VI. The escape. 19. A clearing on a hillside. A group of convict children are digging the earth under the custody of guards. The orphan whispers something in the ear of one of the children and rapidly exits left. After a while the guards notice his absence. Two guards run after him while the other guards round up the children and march them uphill. 20. Another view of the forest. The guards herd the children downhill. 21. A breach in a wall. The orphan jumps over the breach and runs out to the right pursued by two guards.  22 to 24. The chase continues over a trench in the forest, along some fortifications and in the street of a village.

VII. Medor's hideout. 25. A farm courtyard. The orphan comes running in and hides in the dog house where a dog is lying. The guards come after him look around and leave the farm. 26. Inside the doghouse. Medium shot of the orphan eating the dog's food while the dog is looking at him. 27. A garden in front of a house. The orphan enters right and lie down on a bench. Two guards enter him and catch him. A well-dressed gentleman gives his card to the guards and convince them to leave the boy with him.

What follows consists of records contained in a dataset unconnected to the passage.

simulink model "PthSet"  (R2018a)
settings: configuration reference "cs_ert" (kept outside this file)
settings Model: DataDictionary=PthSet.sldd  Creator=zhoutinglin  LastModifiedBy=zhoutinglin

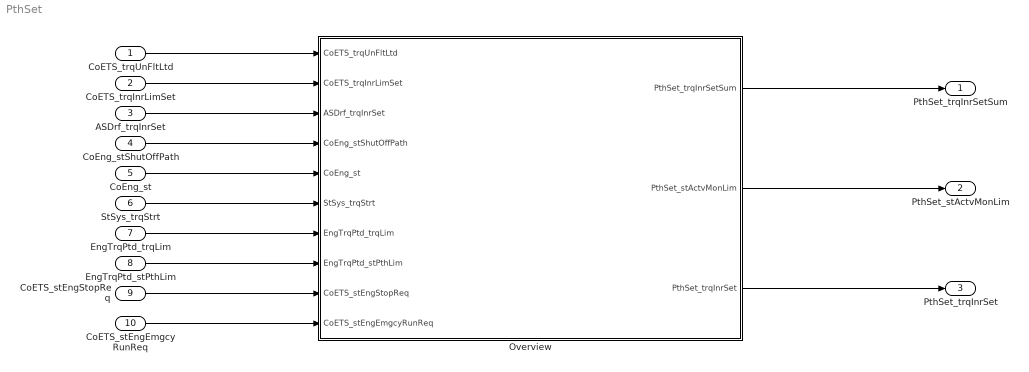
== system PthSet ==
  CoETS_trqUnFltLtd : Inport
  CoETS_trqInrLimSet : Inport  Port=2
  ASDrf_trqInrSet : Inport  Port=3
  CoEng_stShutOffPath : Inport  Port=4
  CoEng_st : Inport  Port=5
  StSys_trqStrt : Inport  Port=6
  EngTrqPtd_trqLim : Inport  Port=7
  EngTrqPtd_stPthLim : Inport  Port=8
  CoETS_stEngStopReq : Inport  Port=9
  CoETS_stEngEmgcyRunReq : Inport  Port=10
  Overview : Subsystem
  PthSet_trqInrSetSum : Outport
  PthSet_stActvMonLim : Outport  Port=2
  PthSet_trqInrSet : Outport  Port=3
  wires:
  CoETS_trqUnFltLtd/1 -> Overview/1(CoETS_trqUnFltLtd)
  CoETS_trqInrLimSet/1 -> Overview/2(CoETS_trqInrLimSet)
  ASDrf_trqInrSet/1 -> Overview/3(ASDrf_trqInrSet)
  CoEng_stShutOffPath/1 -> Overview/4(CoEng_stShutOffPath)
  CoEng_st/1 -> Overview/5(CoEng_st)
  StSys_trqStrt/1 -> Overview/6(StSys_trqStrt)
  EngTrqPtd_trqLim/1 -> Overview/7(EngTrqPtd_trqLim)
  EngTrqPtd_stPthLim/1 -> Overview/8(EngTrqPtd_stPthLim)
  CoETS_stEngStopReq/1 -> Overview/9(CoETS_stEngStopReq)
  CoETS_stEngEmgcyRunReq/1 -> Overview/10(CoETS_stEngEmgcyRunReq)
  Overview/1(PthSet_trqInrSetSum) -> PthSet_trqInrSetSum/1
  Overview/2(PthSet_stActvMonLim) -> PthSet_stActvMonLim/1
  Overview/3(PthSet_trqInrSet) -> PthSet_trqInrSet/1

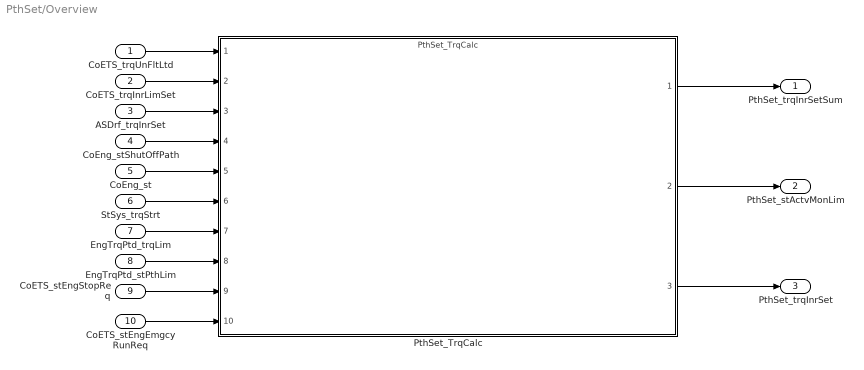
== system PthSet/Overview ==
  CoETS_trqUnFltLtd : Inport
  CoETS_trqInrLimSet : Inport  Port=2
  ASDrf_trqInrSet : Inport  Port=3
  CoEng_stShutOffPath : Inport  Port=4
  CoEng_st : Inport  Port=5
  StSys_trqStrt : Inport  Port=6
  EngTrqPtd_trqLim : Inport  Port=7
  EngTrqPtd_stPthLim : Inport  Port=8
  CoETS_stEngStopReq : Inport  Port=9
  CoETS_stEngEmgcyRunReq : Inport  Port=10
  PthSet_TrqCalc : ModelReference  ModelNameDialog=PthSet_TrqCalc  SimulationMode=Normal  ModelReferenceVersion=1.52
  PthSet_trqInrSetSum : Outport
  PthSet_stActvMonLim : Outport  Port=2
  PthSet_trqInrSet : Outport  Port=3
  wires:
  CoETS_trqUnFltLtd/1 -> PthSet_TrqCalc/1
  CoETS_trqInrLimSet/1 -> PthSet_TrqCalc/2
  ASDrf_trqInrSet/1 -> PthSet_TrqCalc/3
  CoEng_stShutOffPath/1 -> PthSet_TrqCalc/4
  CoEng_st/1 -> PthSet_TrqCalc/5
  StSys_trqStrt/1 -> PthSet_TrqCalc/6
  EngTrqPtd_trqLim/1 -> PthSet_TrqCalc/7
  EngTrqPtd_stPthLim/1 -> PthSet_TrqCalc/8
  CoETS_stEngStopReq/1 -> PthSet_TrqCalc/9
  CoETS_stEngEmgcyRunReq/1 -> PthSet_TrqCalc/10
  PthSet_TrqCalc/1 -> PthSet_trqInrSetSum/1
  PthSet_TrqCalc/2 -> PthSet_stActvMonLim/1
  PthSet_TrqCalc/3 -> PthSet_trqInrSet/1

VIII. Tutor him. 28. A well-furnished parlour. The boy is sitting at a table, working. The gentleman enters and hugs him.  The boy continues his work while the gentleman reads his newspaper.

IX. One year later. 29. Full shot sideways of the boy is standing in front of the gate of a house in an elegant suit. 30. Medium shot of the boy. The film concludes with the Pathé logo of a rooster with the initials SCAGL."

Alison Griffiths notes that the film shows that "the Auburn system of congregant labor by day and isolation in the single cell by night [was] in effect in the French "maison de correction"" and controversially considers that there is "an obvious comic element to seeing eight- to fourteen-year-old boys, as opposed to adult men, dressed in prison stripes performing hard labor." She also remarks that "the image of children being subjected to punishments that hardly match their crime raises the question of the potential bad taste of such a film." In this respect, Richard Abel discusses the censorship problems met by the film in the US.